Open Novos diterpenos dos frutos de Xylopia

O óleo essencial dos frutos de Xylopia langsdorffiana foi obtido por hidrodestilação com rendimento de 0,03 % em relação ao peso do material fresco utilizado. Pela análise em CG-EM e CG-FID foi possível identificar nove componentes Figura 62 (Pág. 108), correspondendo a 100% do total do óleo em uma mistura de monoterpenos (66,6%), sesquiterpenos (22,2%) e diterpeno (11,2%). α-pineno (37,73%) e limoneno (31,42%) foram os constituintes majoritários.

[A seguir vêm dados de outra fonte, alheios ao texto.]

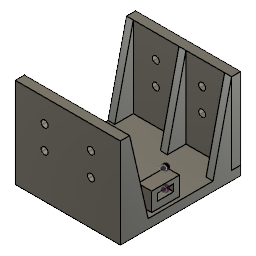
X Carriage (Autodesk Fusion 360 design; units mm, degrees)
Autodesk Fusion 360 part; units mm, degrees
sketch "Skizze1" plane through (0, 0, 0) normal (0, 1, 0) x (1, 0, 0)
  line L0 (0, 0) -> (45.4, 0)
  line L1 (45.4, 0) -> (45.4, -27)
  line L2 (0, 0) -> (0, -27)
  line L3 (0, -27) -> (45.4, -27)
  dimension "d1" = 45.4
  dimension "d2" = 27
  dimension "d3" = 27
  constraint coincident L0.start L2.start
  constraint horizontal L0
  constraint perpendicular L0 L1
  constraint perpendicular L0 L2
  measures "d1" distance of L0.start L0.end
  measures "d2" distance of L0.end L1.end
  measures "d3" distance of L0.start L2.end
extrude "Extrusion1" add sketch "Skizze1" along normal blind 3
sketch "Skizze2" plane through (0, 3, 0) normal (0, 1, 0) x (-1, 0, 0)
  line L0 (0, 0) -> (0, 27)
  line L1 (0, 27) -> (-45.4, 27)
  line L2 (-45.4, 27) -> (-45.4, 0)
  line L3 (-45.4, 0) -> (0, 0)
sketch "Skizze3" plane through (0, 3, 0) normal (0, 1, 0) x (-1, 0, 0)
  circle A0 centre (-32.7, 23.5) radius 1.5
  circle A1 centre (-12.7, 23.5) radius 1.5
  circle A2 centre (-32.7, 3.5) radius 1.5
  circle A3 centre (-12.7, 3.5) radius 1.5
  dimension "d10" = 3
  dimension "d12" = 3
  dimension "d14" = 3
  dimension "d16" = 3
  measures "d10" diameter of A0
  measures "d12" diameter of A1
  measures "d14" diameter of A2
  measures "d16" diameter of A3
extrude "Extrusion2" cut sketch "Skizze3" against normal blind 14
sketch "Skizze4" plane through (0, 3, 0) normal (0, 1, 0) x (-1, 0, 0)
sketch "Skizze5" plane through (0, 3, 0) normal (0, 1, 0) x (-1, 0, 0)
sketch "Skizze6" plane through (0, 0, 0) normal (0, -1, 0) x (1, 0, 0)
  circle A0 centre (32.7, 3.5) radius 1.5
  circle A1 centre (32.7, 23.5) radius 1.5
  circle A2 centre (12.7, 3.5) radius 1.5
  circle A3 centre (12.7, 23.5) radius 1.5
  line L0 (0, 27) -> (0, 0)
  line L1 (0, 0) -> (45.4, 0)
  line L2 (45.4, 0) -> (45.4, 27)
  line L3 (45.4, 27) -> (0, 27)
sketch "Skizze7" plane through (0, 3, 0) normal (0, 1, 0) x (-1, 0, 0)
  line L0 (-45.4, 27) -> (-45.4, 13.5)
  line L1 (-45.4, 13.5) -> (-43.9, 13.5)
  line L2 (-43.9, 13.5) -> (-43.9, 17)
  line L3 (-43.9, 13.5) -> (-43.9, 10)
  line L4 (-43.9, 17) -> (-40.9, 17)
  line L5 (-43.9, 10) -> (-40.9, 10)
  line L6 (-40.9, 17) -> (-40.9, 10)
  line L7 (0, 27) -> (0, 13.5)
  line L8 (0, 13.5) -> (-1.5, 13.5)
  line L9 (-1.5, 13.5) -> (-1.5, 17)
  line L10 (-1.5, 13.5) -> (-1.5, 10)
  line L11 (-1.5, 10) -> (-4.5, 10)
  line L12 (-4.5, 10) -> (-4.5, 17)
  line L13 (-4.5, 17) -> (-1.5, 17)
  dimension "d19" = 13.5
  dimension "d20" = 1.5
  dimension "d21" = 3.5
  dimension "d22" = 3.5
  dimension "d23" = 3
  dimension "d24" = 3
  dimension "d25" = 13.5
  constraint vertical L0
  constraint perpendicular L0 L1
  constraint perpendicular L1 L2
  constraint perpendicular L1 L3
  constraint perpendicular L2 L4
  constraint perpendicular L3 L5
  constraint perpendicular L5 L7
  constraint perpendicular L7 L8
  constraint perpendicular L8 L9
  constraint perpendicular L8 L10
  constraint perpendicular L10 L11
  constraint perpendicular L8 L12
  constraint perpendicular L12 L13
  measures "d19" distance of L0.start L0.end
  measures "d20" distance of L0.end L1.end
  measures "d21" distance of L1.end L2.end
  measures "d22" distance of L1.end L3.end
  measures "d23" distance of L2.end L4.end
  measures "d24" distance of L3.end L5.end
  measures "d25" distance of L7.start L7.end
extrude "Extrusion3" cut sketch "Skizze7" against normal blind 17
sketch "Skizze8" plane through (0, 0, 0) normal (0, -1, 0) x (1, 0, 0)
extrude "Extrusion4" add sketch "Skizze6" along normal blind 1
extrude "Extrusion5" cut sketch "Skizze7" against normal blind 18
sketch "Skizze9" plane through (0, 3, 0) normal (0, 1, 0) x (-1, 0, 0)
  line L0 (-40.9, 10) -> (-43.9, 10)
  line L1 (-43.9, 10) -> (-43.9, 17)
  line L2 (-43.9, 17) -> (-40.9, 17)
  line L3 (-40.9, 17) -> (-40.9, 10)
  line L4 (-4.5, 17) -> (-1.5, 17)
  line L5 (-1.5, 17) -> (-1.5, 10)
  line L6 (-1.5, 10) -> (-4.5, 10)
  line L7 (-4.5, 10) -> (-4.5, 17)
  circle A0 centre (-32.7, 3.5) radius 1.5
  circle A1 centre (-32.7, 23.5) radius 1.5
  circle A2 centre (-12.7, 3.5) radius 1.5
  circle A3 centre (-12.7, 23.5) radius 1.5
  line L8 (0, 0) -> (0, 27)
  line L9 (0, 27) -> (-45.4, 27)
  line L10 (-45.4, 27) -> (-45.4, 0)
  line L11 (-45.4, 0) -> (0, 0)
  circle A4 centre (-12.7, 3.5) radius 2.75
  circle A5 centre (-32.7, 3.5) radius 2.75
  circle A6 centre (-12.7, 23.5) radius 2.75
  circle A7 centre (-32.7, 23.5) radius 2.75
  dimension "d32" = 5.5
  dimension "d33" = 5.5
  dimension "d34" = 5.5
  dimension "d35" = 5.5
  constraint concentric A2 A4
  constraint concentric A0 A5
  constraint concentric A3 A6
  constraint concentric A1 A7
  measures "d32" diameter of A4
  measures "d33" diameter of A5
  measures "d34" diameter of A6
  measures "d35" diameter of A7
extrude "Extrusion6" cut sketch "Skizze9" against normal blind 2 contours A4 | A5 | A6 | A7
extrude "Extrusion7" add 1 faces at (30.2667, 1.6667, 27) along direction (0, 0, 1) blind 5
sketch "Skizze10" plane through (0, 3, 0) normal (0, 1, 0) x (-1, 0, 0)
  circle A0 centre (-12.7, 3.5) radius 2.75
  circle A1 centre (-12.7, 23.5) radius 2.75
  circle A2 centre (-32.7, 3.5) radius 2.75
  circle A3 centre (-32.7, 23.5) radius 2.75
  line L0 (-40.9, 10) -> (-43.9, 10)
  line L1 (-43.9, 10) -> (-43.9, 17)
  line L2 (-43.9, 17) -> (-40.9, 17)
  line L3 (-40.9, 17) -> (-40.9, 10)
  line L4 (-4.5, 17) -> (-1.5, 17)
  line L5 (-1.5, 17) -> (-1.5, 10)
  line L6 (-1.5, 10) -> (-4.5, 10)
  line L7 (-4.5, 10) -> (-4.5, 17)
  line L8 (0, 0) -> (0, 32)
  line L9 (0, 32) -> (-45.4, 32)
  line L10 (-45.4, 32) -> (-45.4, 0)
  line L11 (-45.4, 0) -> (0, 0)
  line L12 (0, 32) -> (0, 28)
  line L13 (-45.4, 28) -> (0, 28)
  line L14 (-45.4, 32) -> (-45.4, 28)
  line L15 (-45.4, 32) -> (0, 32)
  constraint coincident L8.end L9.start
  constraint coincident L8 L12.end
  constraint perpendicular L9 L12
  constraint coincident L10 L13.start
  constraint perpendicular L12 L13
  constraint coincident L9.end L10.start
extrude "Extrusion8" add sketch "Skizze10" along normal blind 35 contours L8 L9 L10 L12 L13 L14 L15
sketch "Skizze11" plane through (0, 0, 32) normal (0, 0, 1) x (1, 0, 0)
  line L0 (45.4, -1) -> (45.4, 38)
  line L1 (45.4, 38) -> (0, 38)
  line L2 (0, 38) -> (0, -1)
  line L3 (0, -1) -> (45.4, -1)
  line L4 (0, -1) -> (0, 3)
  line L5 (0, 38) -> (12.7, 38)
  line L6 (45.4, 38) -> (32.7, 38)
  line L7 (12.7, 38) -> (12.7, 28)
  circle A0 centre (12.7, 28) radius 1.5
  circle A1 centre (12.7, 18) radius 1.5
  circle A2 centre (32.7, 28) radius 1.5
  circle A3 centre (32.7, 18) radius 1.5
  dimension "d42" = 12.7
  dimension "d43" = 12.7
  dimension "d44" = 3
  dimension "d45" = 10
  dimension "d46" = 3
  dimension "d47" = 20
  dimension "d48" = 3
  dimension "d49" = 10
  dimension "d50" = 3
  constraint coincident L2.end L3.start
  constraint coincident L2 L4.end
  constraint coincident L1.end L2.start
  constraint perpendicular L2 L5
  constraint coincident L0.end L1.start
  constraint perpendicular L0 L6
  constraint perpendicular L5 L7
  constraint coincident L7.end A0.centre
  measures "d42" distance of L1.end L5.end
  measures "d43" distance of L0.end L6.end
  measures "d44" diameter of A0
  measures "d45" distance of L7.end A1.centre
  measures "d46" diameter of A1
  measures "d47" distance of L7.end A2.centre
  measures "d48" diameter of A2
  measures "d49" distance of A2.centre A3.centre
  measures "d50" diameter of A3
extrude "Extrusion9" cut sketch "Skizze11" against normal blind 59 contours A0 | A1 | A2 | A3
extrude "Extrusion10" add 1 faces at (30.2667, 0.3333, 0) along direction (0, 0, -1) blind 20
sketch "Skizze12" plane through (0, 3, 0) normal (0, 1, 0) x (-1, 0, 0)
  line L0 (0, 28) -> (-45.4, 28)
  line L1 (-45.4, 28) -> (-45.4, -20)
  line L2 (-45.4, -20) -> (0, -20)
  line L3 (0, -20) -> (0, 28)
  line L4 (-4.5, 17) -> (-1.5, 17)
  line L5 (-1.5, 17) -> (-1.5, 10)
  line L6 (-1.5, 10) -> (-4.5, 10)
  line L7 (-4.5, 10) -> (-4.5, 17)
  line L8 (-40.9, 10) -> (-43.9, 10)
  line L9 (-43.9, 10) -> (-43.9, 17)
  line L10 (-43.9, 17) -> (-40.9, 17)
  line L11 (-40.9, 17) -> (-40.9, 10)
  circle A0 centre (-32.7, 23.5) radius 2.75
  circle A1 centre (-32.7, 3.5) radius 2.75
  circle A2 centre (-12.7, 23.5) radius 2.75
  circle A3 centre (-12.7, 3.5) radius 2.75
  line L12 (0, -20) -> (0, -16)
  line L13 (0, -16) -> (-1, -16)
  line L14 (-1, -16) -> (-45.4, -16)
  line L15 (-45.4, -20) -> (-45.4, -16)
  line L16 (0, -20) -> (-45.4, -20)
  constraint coincident L2.end L3.start
  constraint coincident L3 L12.end
  constraint perpendicular L2 L12
  constraint perpendicular L12 L13
  constraint coincident L1 L14.end
  constraint perpendicular L1 L14
  constraint coincident L1.end L2.start
extrude "Extrusion11" add sketch "Skizze12" along normal blind 35 contours L1 L2 L3 L12 L13 L14 L15 L16
extrude "Extrusion12" cut sketch "Skizze11" against normal blind 77 contours A0 | A1 | A2 | A3
sketch "Skizze13" plane through (0, 0, 28) normal (0, 0, -1) x (-1, 0, 0)
  circle A0 centre (-32.7, 28) radius 1.5
  circle A1 centre (-32.7, 18) radius 1.5
  circle A2 centre (-12.7, 28) radius 1.5
  circle A3 centre (-12.7, 18) radius 1.5
  line L0 (-45.4, 3) -> (0, 3)
  line L1 (0, 3) -> (0, 38)
  line L2 (0, 38) -> (-45.4, 38)
  line L3 (-45.4, 38) -> (-45.4, 3)
  line L4 (-45.4, 38) -> (-42.4, 38)
  line L5 (-45.4, 38) -> (-45.4, 3)
  line L6 (-45.4, 3) -> (-42.4, 3)
  line L7 (-42.4, 38) -> (-42.4, 3)
  dimension "d59" = 3
  dimension "d60" = 3
  constraint coincident L2.end L3.start
  constraint perpendicular L3 L4
  constraint coincident L0.start L3.end
  constraint perpendicular L5 L6
  measures "d59" distance of L2.end L4.end
  measures "d60" distance of L0.start L6.end
extrude "Extrusion13" add sketch "Skizze13" along normal blind 8 contours L0 L2 L3 L4 L5 L6 L7
sketch "Skizze14" plane through (45.4, 0, 0) normal (1, 0, 0) x (0, 0, -1)
  line L0 (20, 3) -> (16, 3)
  line L1 (16, 3) -> (-20, 3)
  line L2 (-20, 3) -> (-20, 38)
  line L3 (-20, 38) -> (-32, 38)
  line L4 (-32, 38) -> (-32, -1)
  line L5 (-32, -1) -> (20, -1)
  line L6 (20, -1) -> (20, 3)
  line L7 (-32, 38) -> (-28, 38)
  line L8 (-28, 38) -> (-20, 3)
  constraint coincident L3.end L4.start
  constraint coincident L3 L7.end
  constraint perpendicular L4 L7
  constraint coincident L1.end L2.start
extrude "Extrusion14" cut sketch "Skizze14" against normal blind 72 contours L2 L3 L8
sketch "Skizze15" plane through (0, 0, 28) normal (0, 0, -1) x (-1, 0, 0)
  line L0 (-42.4, 38) -> (-42.4, 3)
  line L1 (-42.4, 3) -> (0, 3)
  line L2 (0, 3) -> (0, 38)
  line L3 (0, 38) -> (-42.4, 38)
  circle A0 centre (-12.7, 18) radius 1.5
  circle A1 centre (-12.7, 28) radius 1.5
  circle A2 centre (-32.7, 18) radius 1.5
  circle A3 centre (-32.7, 28) radius 1.5
  line L4 (-32.7, 28) -> (-22.7, 28)
  line L5 (-22.7, 28) -> (-22.7, 38)
  line L6 (-22.7, 28) -> (-22.7, 3)
  line L7 (-22.7, 38) -> (-19.7, 38)
  line L8 (-19.7, 38) -> (-19.7, 3)
  line L9 (-19.7, 3) -> (-22.7, 3)
  dimension "d65" = 10
  dimension "d66" = 3
  constraint coincident A3.centre L4.start
  constraint horizontal L4
  constraint coincident L3 L5.end
  constraint perpendicular L3 L5
  constraint coincident L1 L6.end
  constraint perpendicular L1 L6
  constraint perpendicular L5 L7
  constraint coincident L1 L8.end
  constraint perpendicular L1 L8
  measures "d65" distance of A3.centre L4.end
  measures "d66" distance of L5.end L7.end
extrude "Extrusion15" add sketch "Skizze15" along normal blind 8 contours L1 L3 L5 L6 L7 L8 L9
sketch "Skizze16" plane through (0, 0, 32) normal (0, 0, 1) x (1, 0, 0)
sketch "Skizze17" plane through (0, 0, 28) normal (0, 0, -1) x (-1, 0, 0)
  line L0 (-19.7, 38) -> (-19.7, 3)
  line L1 (-19.7, 3) -> (0, 3)
  line L2 (0, 3) -> (0, 38)
  line L3 (0, 38) -> (-19.7, 38)
  circle A0 centre (-12.7, 18) radius 1.5
  circle A1 centre (-12.7, 28) radius 1.5
  line L4 (0, 38) -> (-3, 38)
  line L5 (-3, 38) -> (-3, 3)
  line L6 (-3, 3) -> (0, 3)
  constraint coincident L2.end L3.start
  constraint coincident L3 L4.end
  constraint perpendicular L2 L4
  constraint coincident L1 L5.end
  constraint perpendicular L1 L5
  constraint coincident L1.end L2.start
extrude "Extrusion16" add sketch "Skizze17" along normal blind 8 contours L1 L2 L3 L4 L5 L6
sketch "Skizze18" plane through (0, 0, 0) normal (-1, 0, 0) x (0, 0, 1)
  line L0 (20, 3) -> (-16, 3)
  line L1 (-16, 3) -> (-16, 38)
  line L2 (-16, 38) -> (-20, 38)
  line L3 (-20, 38) -> (-20, -1)
  line L4 (-20, -1) -> (32, -1)
  line L5 (32, -1) -> (32, 38)
  line L6 (32, 38) -> (20, 38)
  line L7 (20, 38) -> (20, 3)
  line L8 (32, 38) -> (28, 38)
  line L9 (28, 38) -> (20, 3)
  constraint coincident L5.end L6.start
  constraint coincident L6 L8.end
  constraint perpendicular L5 L8
  constraint coincident L0.start L7.end
extrude "Extrusion17" cut sketch "Skizze18" against normal blind 67 contours L6 L7 L9
sketch "Skizze19" plane through (0, 0, -16) normal (0, 0, 1) x (1, 0, 0)
  circle A0 centre (32.7, 28) radius 1.5
  circle A1 centre (32.7, 18) radius 1.5
  circle A2 centre (12.7, 28) radius 1.5
  circle A3 centre (12.7, 18) radius 1.5
  line L0 (0, 3) -> (45.4, 3)
  line L1 (45.4, 3) -> (45.4, 38)
  line L2 (45.4, 38) -> (0, 38)
  line L3 (0, 38) -> (0, 3)
  line L4 (0, 38) -> (3, 38)
  line L5 (3, 38) -> (3, 3)
  line L6 (3, 3) -> (0, 3)
  line L7 (0, 38) -> (0, 3)
  line L8 (12.7, 28) -> (22.7, 28)
  line L9 (22.7, 28) -> (22.7, 38)
  line L10 (22.7, 28) -> (22.7, 3)
  line L11 (22.7, 3) -> (25.7, 3)
  line L12 (25.7, 3) -> (25.7, 38)
  line L13 (25.7, 38) -> (22.7, 38)
  line L14 (45.4, 38) -> (42.4, 38)
  line L15 (42.4, 38) -> (42.4, 3)
  line L16 (42.4, 3) -> (45.4, 3)
  dimension "d73" = 10
  dimension "d74" = 3
  dimension "d75" = 3
  constraint coincident L2.end L3.start
  constraint coincident L2 L4.end
  constraint perpendicular L3 L4
  constraint coincident L0 L5.end
  constraint perpendicular L0 L5
  constraint coincident L0.start L3.end
  constraint coincident A2.centre L8.start
  constraint perpendicular L7 L8
  constraint midpoint L2 L9.end
  constraint midpoint L0 L10.end
  constraint perpendicular L10 L11
  constraint coincident L2 L12.end
  constraint perpendicular L2 L12
  constraint coincident L1.end L2.start
  constraint coincident L2 L14.end
  constraint coincident L0 L15.end
  constraint perpendicular L0 L15
  constraint coincident L0.end L1.start
  measures "d73" distance of A2.centre L8.end
  measures "d74" distance of L10.end L11.end
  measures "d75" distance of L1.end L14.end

Foi detectata a presença de espatulenol (1,59%) que é considerado um marcador de óleos essenciais do gênero Xylopia (MAIA,. 2005). Os demais componentes estão listados na Tabela 11 (Pág. 107). Essa composição química é compatível com dados da literatura para constituintes voláteis de espécies de Xylopia (MAIA,. 2005) bem como, com a composição química dos voláteis das suas folhas que é caracteristicamente de monoterpenos e sesquiterpenos (TAVARES et al., 2007). A presença do diterpeno esclareol no óleos essencial corrobora com a biogênese da espécie em estudo, pois uma serie de diterpenos ent-labdanos foram isolados como componentes fixos dos seus frutos.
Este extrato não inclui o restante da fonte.